In Kruskal’s algorithm, most time consuming operation is sorting because the total complexity of the Disjoint-Set operations will be $$O(E log V)$$, which is the overall Time Complexity of the algorithm.

# Prim’s Algorithm

Prim’s Algorithm also use Greedy approach to find the minimum spanning tree. In Prim’s Algorithm we grow the spanning tree from a starting position. Unlike an **edge** in Kruskal's, we add **vertex** to the growing spanning tree in Prim's.

**Algorithm Steps:**

- Maintain two disjoint sets of vertices. One containing vertices that are in the growing spanning tree and other that are not in the growing spanning tree.
- Select the cheapest vertex that is connected to the growing spanning tree and is not in the growing spanning tree and add it into the growing spanning tree. This can be done using Priority Queues. Insert the vertices, that are connected to growing spanning tree, into the Priority Queue.
- Check for cycles. To do that, mark the nodes which have been already selected and insert only those nodes in the Priority Queue that are not marked.

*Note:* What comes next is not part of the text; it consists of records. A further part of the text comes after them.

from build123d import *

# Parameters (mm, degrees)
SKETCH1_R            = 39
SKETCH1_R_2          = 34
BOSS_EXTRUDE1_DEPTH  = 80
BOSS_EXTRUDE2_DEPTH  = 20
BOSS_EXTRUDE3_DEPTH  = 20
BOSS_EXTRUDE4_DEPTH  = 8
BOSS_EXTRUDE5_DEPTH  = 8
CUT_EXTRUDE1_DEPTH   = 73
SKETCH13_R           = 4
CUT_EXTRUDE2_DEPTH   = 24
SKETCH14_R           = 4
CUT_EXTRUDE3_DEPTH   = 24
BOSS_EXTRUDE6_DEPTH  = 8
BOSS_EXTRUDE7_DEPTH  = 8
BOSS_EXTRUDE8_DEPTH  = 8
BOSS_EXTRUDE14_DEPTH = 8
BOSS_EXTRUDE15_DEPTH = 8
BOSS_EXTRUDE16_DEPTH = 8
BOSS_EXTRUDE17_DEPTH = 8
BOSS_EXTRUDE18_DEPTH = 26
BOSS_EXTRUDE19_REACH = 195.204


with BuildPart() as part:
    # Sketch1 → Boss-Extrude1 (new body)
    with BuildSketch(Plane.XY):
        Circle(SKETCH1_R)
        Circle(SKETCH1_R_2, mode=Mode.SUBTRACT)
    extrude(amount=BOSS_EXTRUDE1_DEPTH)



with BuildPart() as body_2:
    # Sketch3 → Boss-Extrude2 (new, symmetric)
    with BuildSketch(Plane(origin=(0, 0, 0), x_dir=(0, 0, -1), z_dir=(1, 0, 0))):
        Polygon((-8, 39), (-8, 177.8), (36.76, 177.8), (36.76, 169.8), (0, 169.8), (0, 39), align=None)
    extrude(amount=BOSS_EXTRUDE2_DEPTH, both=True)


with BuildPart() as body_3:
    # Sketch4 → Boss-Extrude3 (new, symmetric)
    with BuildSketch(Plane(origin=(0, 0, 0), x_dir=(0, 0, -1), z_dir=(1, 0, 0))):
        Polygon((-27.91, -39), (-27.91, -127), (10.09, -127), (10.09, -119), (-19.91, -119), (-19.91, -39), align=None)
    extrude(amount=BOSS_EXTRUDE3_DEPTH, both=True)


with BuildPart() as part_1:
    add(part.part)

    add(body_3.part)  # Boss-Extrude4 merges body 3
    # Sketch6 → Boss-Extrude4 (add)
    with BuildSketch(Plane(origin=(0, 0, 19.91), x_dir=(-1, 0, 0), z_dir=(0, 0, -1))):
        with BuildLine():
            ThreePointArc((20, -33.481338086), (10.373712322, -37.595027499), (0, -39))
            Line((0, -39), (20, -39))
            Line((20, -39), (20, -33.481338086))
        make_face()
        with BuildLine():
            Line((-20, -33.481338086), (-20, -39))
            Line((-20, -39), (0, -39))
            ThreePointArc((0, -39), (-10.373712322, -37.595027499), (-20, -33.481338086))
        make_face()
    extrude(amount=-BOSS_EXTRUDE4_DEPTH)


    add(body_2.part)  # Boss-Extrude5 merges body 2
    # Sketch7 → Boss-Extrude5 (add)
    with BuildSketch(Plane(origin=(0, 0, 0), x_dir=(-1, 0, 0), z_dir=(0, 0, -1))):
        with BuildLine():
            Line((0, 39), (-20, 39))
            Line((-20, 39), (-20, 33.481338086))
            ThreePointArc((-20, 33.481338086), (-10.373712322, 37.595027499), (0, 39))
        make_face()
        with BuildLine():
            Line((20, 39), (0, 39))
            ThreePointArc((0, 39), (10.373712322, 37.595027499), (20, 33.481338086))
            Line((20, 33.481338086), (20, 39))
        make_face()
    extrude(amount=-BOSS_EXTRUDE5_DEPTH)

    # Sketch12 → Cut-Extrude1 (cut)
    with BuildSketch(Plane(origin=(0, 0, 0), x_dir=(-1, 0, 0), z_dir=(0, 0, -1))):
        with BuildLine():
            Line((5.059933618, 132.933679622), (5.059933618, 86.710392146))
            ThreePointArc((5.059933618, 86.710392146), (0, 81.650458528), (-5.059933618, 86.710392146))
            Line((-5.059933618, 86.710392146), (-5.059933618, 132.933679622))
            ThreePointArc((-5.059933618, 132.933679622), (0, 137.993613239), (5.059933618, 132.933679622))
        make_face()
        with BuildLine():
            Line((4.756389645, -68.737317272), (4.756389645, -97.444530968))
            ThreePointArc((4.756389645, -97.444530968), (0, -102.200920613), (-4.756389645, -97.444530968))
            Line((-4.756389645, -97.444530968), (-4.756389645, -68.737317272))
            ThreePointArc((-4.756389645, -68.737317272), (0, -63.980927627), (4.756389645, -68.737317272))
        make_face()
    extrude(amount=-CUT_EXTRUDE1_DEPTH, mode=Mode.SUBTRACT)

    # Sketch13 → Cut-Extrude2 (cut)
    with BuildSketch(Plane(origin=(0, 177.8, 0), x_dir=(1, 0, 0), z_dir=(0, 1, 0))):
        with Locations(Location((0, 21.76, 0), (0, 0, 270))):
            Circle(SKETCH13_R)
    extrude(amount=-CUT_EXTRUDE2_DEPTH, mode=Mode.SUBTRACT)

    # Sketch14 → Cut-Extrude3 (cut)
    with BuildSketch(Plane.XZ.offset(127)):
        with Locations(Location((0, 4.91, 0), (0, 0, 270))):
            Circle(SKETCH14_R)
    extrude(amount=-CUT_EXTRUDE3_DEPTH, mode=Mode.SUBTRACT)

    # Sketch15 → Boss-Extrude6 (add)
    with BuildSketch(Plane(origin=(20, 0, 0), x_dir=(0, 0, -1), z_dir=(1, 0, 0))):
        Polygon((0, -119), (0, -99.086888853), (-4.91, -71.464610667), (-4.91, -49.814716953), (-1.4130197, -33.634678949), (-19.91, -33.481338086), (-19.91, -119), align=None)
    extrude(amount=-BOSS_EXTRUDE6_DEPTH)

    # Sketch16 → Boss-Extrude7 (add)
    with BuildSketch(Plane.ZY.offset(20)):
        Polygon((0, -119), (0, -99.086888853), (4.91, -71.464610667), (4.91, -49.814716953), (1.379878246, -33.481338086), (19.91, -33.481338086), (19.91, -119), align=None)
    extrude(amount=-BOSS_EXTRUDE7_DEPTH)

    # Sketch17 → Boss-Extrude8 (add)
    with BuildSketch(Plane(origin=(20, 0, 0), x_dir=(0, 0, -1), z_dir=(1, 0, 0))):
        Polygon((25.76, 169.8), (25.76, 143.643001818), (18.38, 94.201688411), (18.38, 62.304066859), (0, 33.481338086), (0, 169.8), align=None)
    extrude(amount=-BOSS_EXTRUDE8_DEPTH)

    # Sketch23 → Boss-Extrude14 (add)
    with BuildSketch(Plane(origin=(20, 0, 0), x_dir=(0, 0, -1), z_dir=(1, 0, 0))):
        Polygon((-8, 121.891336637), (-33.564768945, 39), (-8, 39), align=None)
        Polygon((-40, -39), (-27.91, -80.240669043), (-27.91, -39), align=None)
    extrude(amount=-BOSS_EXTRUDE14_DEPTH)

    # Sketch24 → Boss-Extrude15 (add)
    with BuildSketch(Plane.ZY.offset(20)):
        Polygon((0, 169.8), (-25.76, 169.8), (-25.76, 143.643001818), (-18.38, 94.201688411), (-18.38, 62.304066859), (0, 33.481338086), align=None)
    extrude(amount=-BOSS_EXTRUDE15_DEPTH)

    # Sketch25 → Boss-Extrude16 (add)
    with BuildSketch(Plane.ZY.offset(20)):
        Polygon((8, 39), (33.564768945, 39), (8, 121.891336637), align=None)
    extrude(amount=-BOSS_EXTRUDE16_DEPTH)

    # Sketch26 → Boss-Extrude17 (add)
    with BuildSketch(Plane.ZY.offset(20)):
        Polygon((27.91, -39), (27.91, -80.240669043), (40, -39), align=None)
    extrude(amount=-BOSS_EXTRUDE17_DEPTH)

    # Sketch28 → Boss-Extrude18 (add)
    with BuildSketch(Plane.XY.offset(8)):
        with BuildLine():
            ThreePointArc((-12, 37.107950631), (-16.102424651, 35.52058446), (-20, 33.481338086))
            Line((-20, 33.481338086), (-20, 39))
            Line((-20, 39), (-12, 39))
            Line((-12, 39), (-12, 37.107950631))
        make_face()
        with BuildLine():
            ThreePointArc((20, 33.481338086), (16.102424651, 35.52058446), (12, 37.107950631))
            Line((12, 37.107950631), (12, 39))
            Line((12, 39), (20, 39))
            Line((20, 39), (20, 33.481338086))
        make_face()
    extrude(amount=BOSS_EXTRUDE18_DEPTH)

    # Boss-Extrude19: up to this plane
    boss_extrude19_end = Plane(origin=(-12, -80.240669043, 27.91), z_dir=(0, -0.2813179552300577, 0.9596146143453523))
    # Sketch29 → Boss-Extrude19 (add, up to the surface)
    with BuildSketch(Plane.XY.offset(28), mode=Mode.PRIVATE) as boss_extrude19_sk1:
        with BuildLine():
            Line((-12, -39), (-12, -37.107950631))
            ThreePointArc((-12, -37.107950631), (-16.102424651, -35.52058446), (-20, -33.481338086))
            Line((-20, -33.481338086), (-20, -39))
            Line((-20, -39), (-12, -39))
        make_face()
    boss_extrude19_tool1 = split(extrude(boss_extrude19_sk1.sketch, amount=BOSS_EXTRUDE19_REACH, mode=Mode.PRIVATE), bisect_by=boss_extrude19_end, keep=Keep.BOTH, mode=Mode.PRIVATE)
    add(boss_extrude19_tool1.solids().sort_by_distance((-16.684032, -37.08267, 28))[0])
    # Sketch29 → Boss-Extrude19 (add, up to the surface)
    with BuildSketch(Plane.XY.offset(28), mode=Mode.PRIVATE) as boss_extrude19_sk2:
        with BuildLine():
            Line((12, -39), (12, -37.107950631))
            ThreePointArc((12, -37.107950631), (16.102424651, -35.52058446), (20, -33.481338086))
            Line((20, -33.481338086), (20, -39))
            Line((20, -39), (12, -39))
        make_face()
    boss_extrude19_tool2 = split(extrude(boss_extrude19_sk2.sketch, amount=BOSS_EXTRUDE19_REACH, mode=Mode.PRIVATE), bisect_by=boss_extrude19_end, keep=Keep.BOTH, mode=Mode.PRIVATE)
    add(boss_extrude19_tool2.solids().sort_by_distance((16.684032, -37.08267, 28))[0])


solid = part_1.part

Consider the example below:

In Prim’s Algorithm, we will start with an arbitrary node (it doesn’t matter which one) and mark it. In each iteration we will mark a new vertex that is adjacent to the one that we have already marked. As a greedy algorithm, Prim’s algorithm will select the cheapest edge and mark the vertex. So we will simply choose the edge with weight 1. In the next iteration we have three options, edges with weight 2, 3 and 4. So, we will select the edge with weight 2 and mark the vertex. Now again we have three options, edges with weight 3, 4 and 5. But we can’t choose edge with weight 3 as it is creating a cycle. So we will select the edge with weight 4 and we end up with the minimum spanning tree of total cost 7 ( = 1 + 2 +4).

**Implementation:**

```
#include <iostream>
#include <vector>
#include <queue>
#include <functional>
#include <utility>
using namespace std;
const int MAX = 1e4 + 5;
typedef pair<long long, int> PII;
bool marked[MAX];
vector <PII> adj[MAX];
long long prim(int x)
{
priority_queue<PII, vector<PII>, greater<PII> > Q;
int y;
long long minimumCost = 0;
PII p;
Q.push(make_pair(0, x));
while(!Q.empty())
{
// Select the edge with minimum weight
p = Q.top();
Q.pop();
x = p.second;
// Checking for cycle
if(marked[x] == true)
continue;
minimumCost += p.first;
marked[x] = true;
for(int i = 0;i < adj[x].size();++i)
{
y = adj[x][i].second;
if(marked[y] == false)
Q.push(adj[x][i]);
}
}
return minimumCost;
}
int main()
{
int nodes, edges, x, y;
long long weight, minimumCost;
cin >> nodes >> edges;
for(int i = 0;i < edges;++i)
{
cin >> x >> y >> weight;
adj[x].push_back(make_pair(weight, y));
adj[y].push_back(make_pair(weight, x));
}
// Selecting 1 as the starting node
minimumCost = prim(1);
cout << minimumCost << endl;
return 0;
}
```

**Time Complexity:**

The time complexity of the Prim’s Algorithm is $$O((V + E)logV)$$ because each vertex is inserted in the priority queue only once and insertion in priority queue take logarithmic time.